(The input begins)

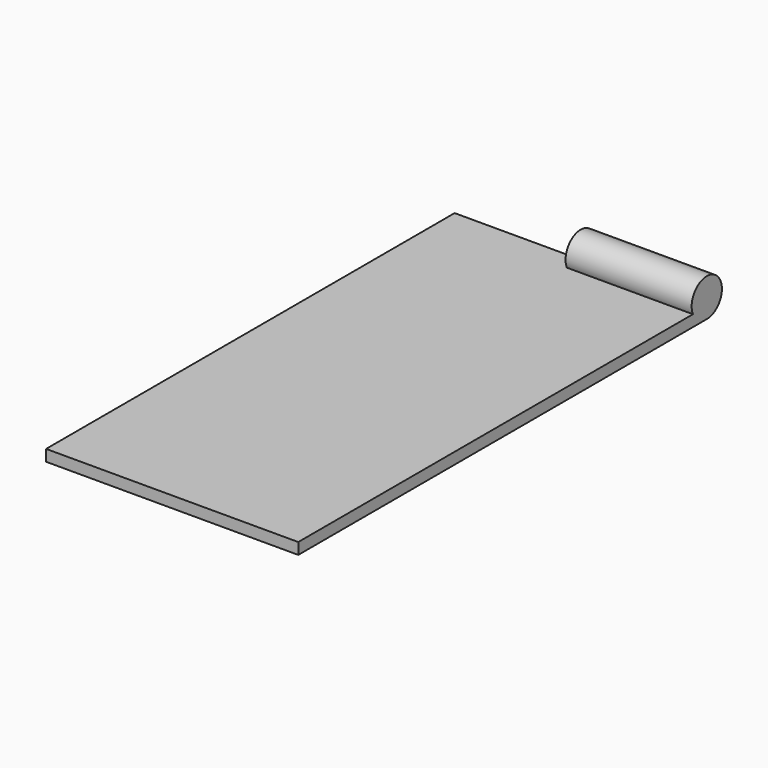
from build123d import *

# Parameters (mm, degrees)
F0_W     = 40
F0_H     = 81
F1_DEPTH = 1.8
F3_DEPTH = 20


with BuildPart() as f1:
    # F0 (on Top) → F1 (new body)
    with BuildSketch(Plane.XY):
        with Locations((20, -40.5)):
            Rectangle(F0_W, F0_H)
    extrude(amount=F1_DEPTH)

    # F2 (on face) → F3 (join)
    with BuildSketch(Plane.YZ.offset(40)):
        with BuildLine():
            Line((0, 1.8), (0, 0))
            ThreePointArc((0, 0), (2.1213203436, 0.8786796564), (3, 3))
            ThreePointArc((3, 3), (-0.6129289311, 5.9367189388), (-2.749545417, 1.8))
            Line((-2.749545417, 1.8), (0, 1.8))
        make_face()
        with BuildLine():
            ThreePointArc((-2.749545417, 1.8), (-1.6431676725, 0.4900199204), (0, 0))
            Line((0, 0), (0, 1.8))
            Line((0, 1.8), (-2.749545417, 1.8))
        make_face()
    extrude(amount=-F3_DEPTH)


solid = f1.part
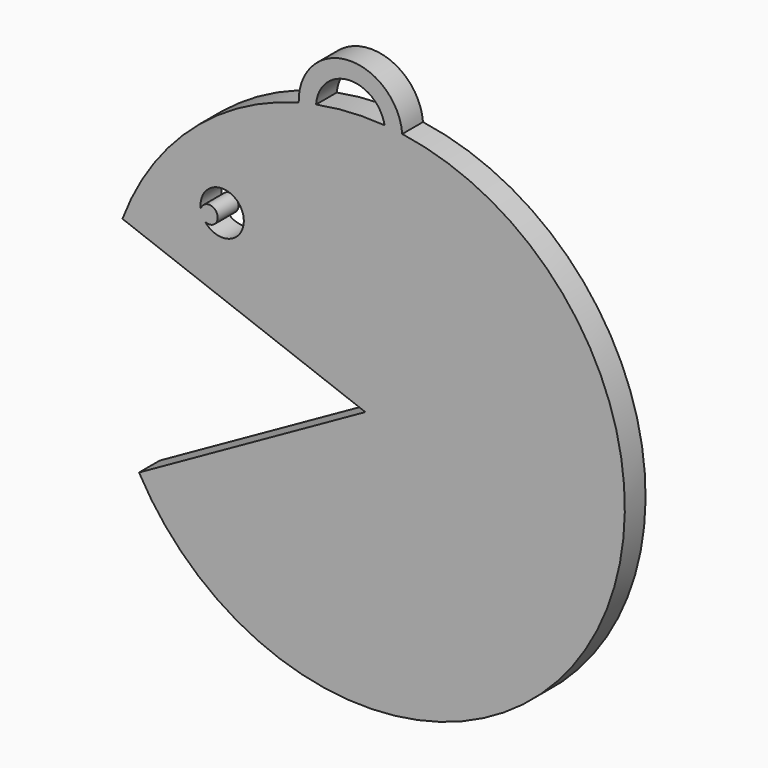
from build123d import *

# Parameters (mm, degrees)
F0_R         = 2.5
F1_DEPTH     = 3
F2_TEXT_SIZE = 11.1580619382
F3_DEPTH     = 1
F4_R         = 1
F5_DEPTH     = 3


# Not quite as in the source:
# - Text() gives the source's letters only with a copy of the font that has no kerning and outlines rounded to 1/6400 em; it was checked with that copy


with BuildPart() as f1:
    # F0 (on Front) → F1 (new body)
    with BuildSketch(Plane.XZ):
        with BuildLine():
            Line((43.6447212372, 30.0523352095), (17.4717715154, 15.3902513583))
            ThreePointArc((17.4717715154, 15.3902513583), (68.3805487788, 13.0776824639), (47.9113038938, 59.7473898893))
            ThreePointArc((47.9113038938, 59.7473898893), (46.8898802724, 59.8763011235), (45.8646348476, 59.9700888612))
            ThreePointArc((45.8646348476, 59.9700888612), (41.8884338593, 60.0008819964), (37.9430871765, 59.50554164))
            ThreePointArc((37.9430871765, 59.50554164), (36.9358317236, 59.2925609524), (35.9364772875, 59.0451442354))
            ThreePointArc((35.9364772875, 59.0451442354), (23.5075199978, 52.2895366126), (15.5561189336, 40.5894325627))
            Line((15.5561189336, 40.5894325627), (43.6447212372, 30.0523352095))
        make_face()
        with Locations((27.090748772, 44.9332743883)):
            Circle(F0_R, mode=Mode.SUBTRACT)
        with BuildLine():
            ThreePointArc((45.8646348476, 59.9700888612), (46.8898802724, 59.8763011235), (47.9113038938, 59.7473898893))
            ThreePointArc((47.9113038938, 59.7473898893), (41.58235806, 65.2201448079), (35.9364772875, 59.0451442354))
            ThreePointArc((35.9364772875, 59.0451442354), (36.9358317236, 59.2925609524), (37.9430871765, 59.50554164))
            ThreePointArc((37.9430871765, 59.50554164), (41.6994438852, 63.2235750221), (45.8646348476, 59.9700888612))
        make_face()
    extrude(amount=F1_DEPTH)

    # F2 (on face) → F3 (cut)
    with BuildSketch(Plane(origin=(0, 0, 0), x_dir=(-1, 0, 0), z_dir=(0, 1, 0))):
        with Locations((-62.5923797488, 9.4087719917)):
            Text('samuel', F2_TEXT_SIZE, font='Open Sans', text_align=(TextAlign.LEFT, TextAlign.BOTTOM))
    extrude(amount=-F3_DEPTH, mode=Mode.SUBTRACT)

    # F4 (on face) → F5 (join, through all)
    with BuildSketch(Plane.XZ.offset(3)):
        with Locations((25.5715490802, 44.2894325627)):
            Circle(F4_R)
    extrude(amount=-F5_DEPTH)


solid = f1.part
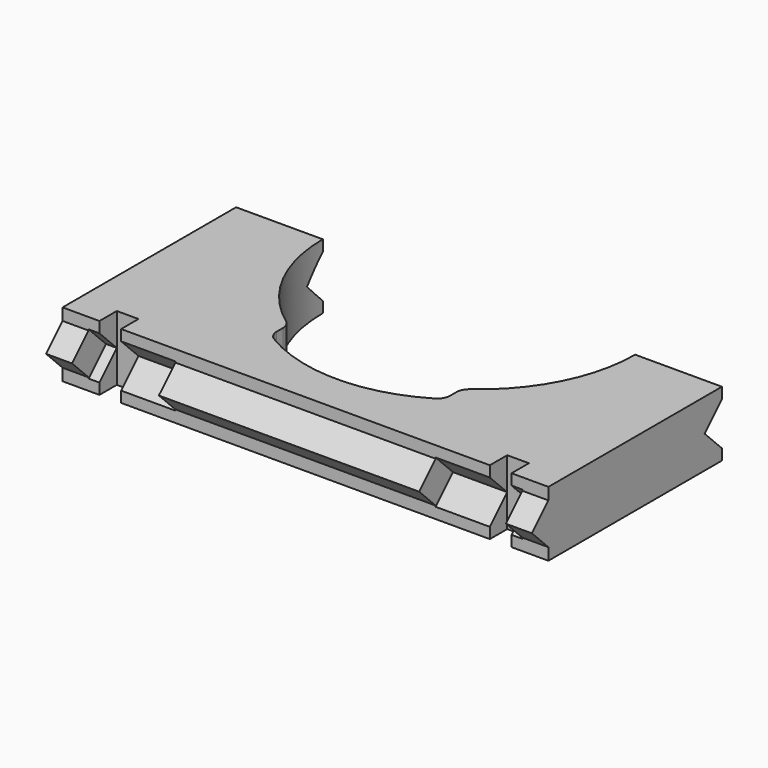
from build123d import *

# Parameters (mm, degrees)
F1_DEPTH       = 15
F3_DEPTH       = 112.001
F5_DEPTH       = 5
F7_DEPTH       = 112
F9_DEPTH       = 25
F12_DEPTH      = 15
F12_DEPTH_BACK = 5
F14_DEPTH      = 25
F15_R          = 3


# Not quite as in the source:
# - a pattern or mirror of a feature is missing from the dataset's text; its kind, count and spacing are read off the source's solid


with BuildPart() as f1:
    # F0 (on Top) → F1 (new body)
    with BuildSketch(Plane.XY):
        with BuildLine():
            Line((-56, 50), (-56, 0))
            Line((-56, 0), (56, 0))
            Line((56, 0), (56, 50))
            Line((56, 50), (36, 50))
            ThreePointArc((36, 50), (0, 14), (-36, 50))
            Line((-36, 50), (-56, 50))
        make_face()
    extrude(amount=F1_DEPTH)

    # F2 (on face) → F3 (cut, through all)
    with BuildSketch(Plane(origin=(-56, 0, 0), x_dir=(0, -1, 0), z_dir=(-1, 0, 0))):
        Polygon((-50, 12.5), (-50, 2.5), (-45, 7.5), align=None)
    extrude(amount=-F3_DEPTH, mode=Mode.SUBTRACT)

    # F4 (on face) → F5 (cut)
    with BuildSketch(Plane(origin=(0, 0, 0), x_dir=(1, 0, 0), z_dir=(0, 0, -1))):
        Polygon((-48.5, -45), (-48.5, -50), (-43.5, -50), (-43.5, -45), (-39.5, -41), (-52.5, -41), align=None)
        Polygon((43.5, -45), (43.5, -50), (48.5, -50), (48.5, -45), (52.5, -41), (39.5, -41), align=None)
    extrude(amount=-F5_DEPTH, mode=Mode.SUBTRACT)

    # F6 (on face) → F7 (join, through all)
    with BuildSketch(Plane(origin=(-56, 0, 0), x_dir=(0, -1, 0), z_dir=(-1, 0, 0))):
        Polygon((4.75, 7.5), (0, 12.25), (0, 2.75), align=None)
    extrude(amount=-F7_DEPTH)

    # F8 (on face) → F9 (cut)
    with BuildSketch(Plane(origin=(0, 0, 0), x_dir=(1, 0, 0), z_dir=(0, 0, -1))):
        Polygon((-47.5, 11.2829459831), (-47.5, 0), (-47.5, -5), (-42.5, -5), (-42.5, 0), (-42.5, 11.2829459831), align=None)
        Polygon((47.5, 11.2829459831), (42.5, 11.2829459831), (42.5, 0), (42.5, -5), (47.5, -5), (47.5, 0), align=None)
    extrude(amount=-F9_DEPTH, mode=Mode.SUBTRACT)

    # F11 (on mid) → F12 (cut, two sides)
    with BuildSketch(Plane(origin=(-45, 0, 0), x_dir=(0, -1, 0), z_dir=(-1, 0, 0))) as f12_sk:
        Polygon((0, 12.5), (-5, 7.5), (0, 2.5), (5, 7.5), align=None)
    f12 = extrude(amount=-F12_DEPTH, mode=Mode.SUBTRACT) + extrude(f12_sk.sketch, amount=F12_DEPTH_BACK, mode=Mode.SUBTRACT)

    # F12_copies: F12 across plane
    add(f12.mirror(Plane(origin=(0, 0, 0), x_dir=(0, 0, 1), z_dir=(1, 0, 0))), mode=Mode.SUBTRACT)

    # F13 (on face) → F14 (cut)
    with BuildSketch(Plane.XY.offset(15)):
        with BuildLine():
            Line((20, 15.0667409058), (20, 20.0667409058))
            ThreePointArc((20, 20.0667409058), (0, 14), (-20, 20.0667409058))
            Line((-20, 20.0667409058), (-20, 15.0667409058))
            ThreePointArc((-20, 15.0667409058), (0, 9), (20, 15.0667409058))
        make_face()
    extrude(amount=-F14_DEPTH, mode=Mode.SUBTRACT)

    # F15
    f15_edges = [f1.edges().sort_by_distance(p)[0] for p in [
        (-20, 20.066741, 7.5),
        (20, 20.066741, 7.5),
        (-20, 15.066741, 7.5),
        (20, 15.066741, 7.5),
    ]]
    fillet(f15_edges, radius=F15_R)


solid = f1.part
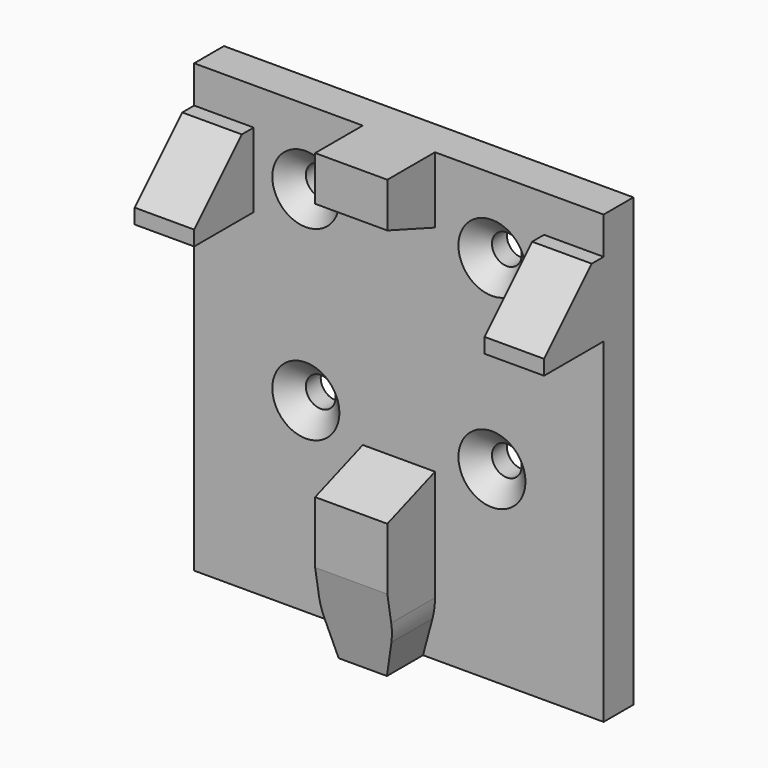
from build123d import *

# Parameters (mm, degrees)
F1_DEPTH       = 60
F3_D           = 4
F3_CSINK_D     = 9
F3_CSINK_ANGLE = 90
F4_C1_SIZE2    = 1.6076951546
F4_C1_SIZE     = 6
F4_C2_SIZE2    = 6
F4_C2_SIZE     = 1.6076951546
F6_R           = 10
F5_W           = 8
F5_H           = 10
F7_DEPTH       = 10
F8_SIZE        = 8
F10_DEPTH      = 9.7
F11_SIZE2      = 1.9395967878
F11_SIZE       = 11


# Not quite as in the source:
# - a feature names something its author has since deleted; it is built from what else it names


with BuildPart() as f1:
    # F0 (on Top) → F1 (new body)
    with BuildSketch(Plane.XY):
        Polygon((4.85, 0), (27.5, 0), (27.5, 5), (-27.5, 5), (-27.5, 0), (-4.85, 0), (-4.85, -8), (4.85, -8), align=None)
    extrude(amount=F1_DEPTH)

    # F3 (through all)
    with Locations(Plane.XZ):
        with Locations((-12.5, 50), (-12.5, 25), (12.5, 50), (12.5, 25)):
            CounterSinkHole(F3_D / 2, F3_CSINK_D / 2, counter_sink_angle=F3_CSINK_ANGLE)

    # F4: chamfer of 6 x 1.6076951546 on 2 edges, made by hand

    # F4_c1
    f4_c1_edges = [f1.edges().sort_by_distance(p)[0] for p in [
        (4.85, -4, 0),
    ]]
    f4_c1_side = f1.faces().sort_by_distance((4.85, -4, 0.0321539031))[0]
    chamfer(f4_c1_edges, length=F4_C1_SIZE, length2=F4_C1_SIZE2, reference=f4_c1_side)

    # F4_c2
    f4_c2_edges = [f1.edges().sort_by_distance(p)[0] for p in [
        (-4.85, -4, 0),
    ]]
    f4_c2_side = f1.faces().sort_by_distance((-4.8178460969, -4, 0))[0]
    chamfer(f4_c2_edges, length=F4_C2_SIZE, length2=F4_C2_SIZE2, reference=f4_c2_side)

    # F6
    f6_edges = [f1.edges().sort_by_distance(p)[0] for p in [
        (-4.85, -4, 6),
        (4.85, -4, 6),
    ]]
    fillet(f6_edges, radius=F6_R)

    # F5 (on face) → F7 (join)
    with BuildSketch(Plane.XZ):
        with Locations((-23.5, 50)):
            Rectangle(F5_W, F5_H)
        with Locations((23.5, 50)):
            Rectangle(F5_W, F5_H)
    extrude(amount=F7_DEPTH)

    # F8
    f8_edges = [f1.edges().sort_by_distance(p)[0] for p in [
        (-23.5, -10, 55),
        (23.5, -10, 55),
    ]]
    chamfer(f8_edges, length=F8_SIZE)

    # F9 (on face) → F10 (cut, through all)
    with BuildSketch(Plane.YZ.offset(4.85)):
        Polygon((0, 51.0882381259), (-8, 54), (-8, 19.3165249759), (0, 22.22828685), align=None)
    extrude(amount=-F10_DEPTH, mode=Mode.SUBTRACT)

    # F11
    f11_edges = [f1.edges().sort_by_distance(p)[0] for p in [
        (0, -8, 0),
    ]]
    f11_side = f1.faces().sort_by_distance((0, -8, 10.07737))[0]
    chamfer(f11_edges, length=F11_SIZE, length2=F11_SIZE2, reference=f11_side)


solid = f1.part

(The input ends)

Exercise details> Of the records above, copy each line that includes "fillet".

Written answer>
    fillet(f15_edges, radius=F15_R)
    fillet(f6_edges, radius=F6_R)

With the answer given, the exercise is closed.